The chemical properties of star-forming galaxies at z~1.4 revealed with Subaru/FMOS

Kiyoto Yabe

Revealing the history of the chemical enrichment of galaxies is important to understand the past star-formation history of galaxies in an independent way. In the past years, although many efforts have been made aiming to measure the metallicity of galaxies at high redshift, the sample size at z>1 is still limited for the statistical study. Here, we present results from our recent near-infrared spectroscopic surveys conducted with Subaru/FMOS over ~20 deg^2, consisting of ~4,000 galaxies with significant Ha detection at z~1.4, where galaxies in the most active phase of the cosmic history.In this study, we divide our sample into several stellar mass and star-fromation rate (SFR) bins, and measure the gas phase metallicity by using the [NII]6583/Ha emission line ratio of the composite spectra. The resulting mass-metallicity relation at z~1.4 is generally in agreement with previous studies in a similar redshift range.

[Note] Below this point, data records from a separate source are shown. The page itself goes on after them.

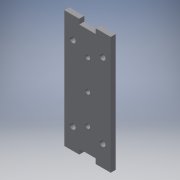
# Autodesk Inventor part: Tilt back support with counter balance option
Saved by Autodesk Inventor 2018 (Build 220112000, 112)
## iProperties
Created: 2018-06-26
Part Number: Tilt back support with counter balance option
Material: Generic
Document SubType Name: Modeling
Designer: Ajith Thomas
Density: 1 g/cm^3
Appearance: Default
Author: Ajith Thomas
Autodesk Inventor part; units mm, degrees
ref_plane "YZ Plane" through (0, 0, 0) normal (1, 0, 0) x (0, 1, 0)
ref_plane "XZ Plane" through (0, 0, 0) normal (0, 1, 0) x (-1, 0, 0)
ref_plane "XY Plane" through (0, 0, 0) normal (0, 0, 1) x (1, 0, 0)
sketch "Sketch1" plane through (0, 0, 0) normal (0, 0, 1) x (1, 0, 0)
  line L0 (5, 1.5) -> (-5, 1.5) projected
  line L1 (-5, 1.5) -> (-5, -1.5) projected
  line L2 (-5, -1.5) -> (5, -1.5) projected
  line L3 (5, -1.5) -> (5, 1.5) projected
  line L4 (5, -66.5) -> (-5, -66.5) projected
  line L5 (-5, -66.5) -> (-5, -69.5) projected
  line L6 (-5, -69.5) -> (5, -69.5) projected
  line L7 (5, -69.5) -> (5, -66.5) projected
  line L8 (14, -1.5) -> (14, 1.5) construction
  line L9 (-14, -1.5) -> (-14, 1.5) construction
  line L10 (-14, -69.5) -> (-14, -66.5) construction
  line L11 (14, -69.5) -> (14, -66.5) construction
  line L12 (14, 1.5) -> (-14, 1.5)
  line L13 (-14, 1.5) -> (-14, -69.5)
  line L14 (-14, -69.5) -> (14, -69.5)
  line L15 (14, -69.5) -> (14, 1.5)
  point P0 (0, 0)
  constraints: 8 end point, 2 parallel, 1 horizontal, 1 perpendicular
extrude "Extrusion1" add sketch "Sketch1" against normal blind 3 contours L12 L15 L14 L7 L4 L5 L13 L1 L2 L3
sketch "Sketch2" plane through (0, 0, 0) normal (0, 0, 1) x (1, 0, 0)
  line L0 (5, -66.5) -> (5, -69.5) construction
  line L1 (5, -69.5) -> (14, -69.5) construction
  line L2 (14, -69.5) -> (14, 1.5) construction
  line L3 (14, 1.5) -> (5, 1.5) construction
  line L4 (5, 1.5) -> (5, -1.5) construction
  line L5 (5, -1.5) -> (-5, -1.5) construction
  line L6 (-5, -1.5) -> (-5, 1.5) construction
  line L7 (-5, 1.5) -> (-14, 1.5) construction
  line L8 (-14, 1.5) -> (-14, -69.5) construction
  line L9 (-14, -69.5) -> (-5, -69.5) construction
  line L10 (-5, -69.5) -> (-5, -66.5) construction
  line L11 (-5, -66.5) -> (5, -66.5) construction
  line L12 (14, 1.5) -> (-14, -69.5) construction
  line L13 (5, -69.5) -> (14, -69.5) construction
  line L14 (-14, 1.5) -> (14, -69.5) construction
  circle A0 centre (0, -34) radius 1.5
  circle A1 centre (0, -16) radius 1.5
  circle A2 centre (0, -52) radius 1.5
  point P0 (0, 0)
  dimension "d2" = 3
  dimension "d3" = 3
  dimension "d4" = 3
  dimension "d5" = 18
  dimension "d6" = 18
  constraints: 4 end point, 3 centre point, 1 midpoint
  measures "d2" diameter of A0
  measures "d3" diameter of A1
  measures "d4" diameter of A2
  measures "d5" distance of A0.centre A1.centre
  measures "d6" distance of A2.centre A0.centre
extrude "Extrusion2" cut sketch "Sketch2" against normal blind 3
sketch "Sketch3" plane through (0, 0, -3) normal (0, 0, -1) x (-1, 0, 0)
  circle A0 centre (-9, -56.6) radius 1.8 projected
  circle A1 centre (-9, -11.4) radius 1.8 projected
  circle A2 centre (9, -11.4) radius 1.8 projected
  circle A3 centre (9, -56.6) radius 1.8 projected
  point P0 (0, 0)
extrude "Extrusion3" cut sketch "Sketch3" against normal blind 3
body "Solid1"

Although no clear dependence of the mass-metallicity relation with star-formation rate is found in our sample at z~1.4, our result at z~1.4 is close to the fundamental metallicity relation at z~0.1 that is extrapolated to the high-SFR regime.Thanks to our large sample in a wide area, we can examine the dependence of galaxy properties on the large-scale environment. We define the environment of our sample by using volume density smoothed in ~50 cMpc scale and also 10th neighboring local surface density. The effect of the field-edge and OH-mask is corrected. We tentatively find that galaxies in the higher-density region generally show the higher metallicity at a fixed stellar mass, which may imply that chemical enrichment is enhanced in the high-density region along the large-scale structure. In this presentation, we discuss the possible interpretation and some caveats in the results.